AVAILABLE DATA
BEGIN
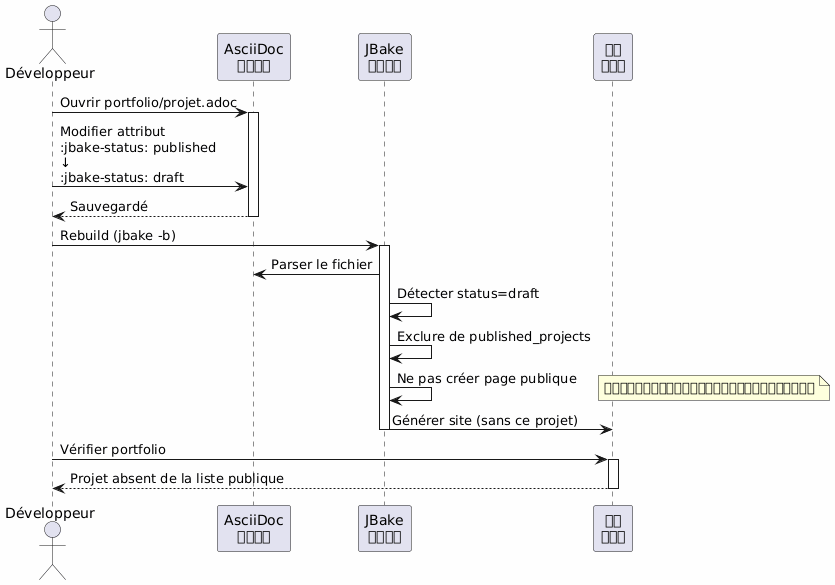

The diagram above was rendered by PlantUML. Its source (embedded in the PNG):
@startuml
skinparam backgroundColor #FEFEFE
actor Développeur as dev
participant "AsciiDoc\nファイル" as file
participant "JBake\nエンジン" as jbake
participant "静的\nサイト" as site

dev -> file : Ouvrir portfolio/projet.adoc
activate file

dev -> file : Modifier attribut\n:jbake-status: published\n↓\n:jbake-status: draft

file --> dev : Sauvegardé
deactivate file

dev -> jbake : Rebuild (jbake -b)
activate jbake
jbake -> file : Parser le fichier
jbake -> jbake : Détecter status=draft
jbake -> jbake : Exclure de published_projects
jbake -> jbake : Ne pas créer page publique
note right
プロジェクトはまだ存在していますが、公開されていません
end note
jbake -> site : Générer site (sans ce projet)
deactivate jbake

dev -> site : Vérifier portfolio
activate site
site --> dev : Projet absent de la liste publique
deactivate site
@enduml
END
THE PROBLEM
Write out, word for word, all lines from the line that holds "actor Développeur as dev" through the last line of the listing, with both end lines kept.

TASK ANSWER
actor Développeur as dev
participant "AsciiDoc\nファイル" as file
participant "JBake\nエンジン" as jbake
participant "静的\nサイト" as site

dev -> file : Ouvrir portfolio/projet.adoc
activate file

dev -> file : Modifier attribut\n:jbake-status: published\n↓\n:jbake-status: draft

file --> dev : Sauvegardé
deactivate file

dev -> jbake : Rebuild (jbake -b)
activate jbake
jbake -> file : Parser le fichier
jbake -> jbake : Détecter status=draft
jbake -> jbake : Exclure de published_projects
jbake -> jbake : Ne pas créer page publique
note right
プロジェクトはまだ存在していますが、公開されていません
end note
jbake -> site : Générer site (sans ce projet)
deactivate jbake

dev -> site : Vérifier portfolio
activate site
site --> dev : Projet absent de la liste publique
deactivate site
@enduml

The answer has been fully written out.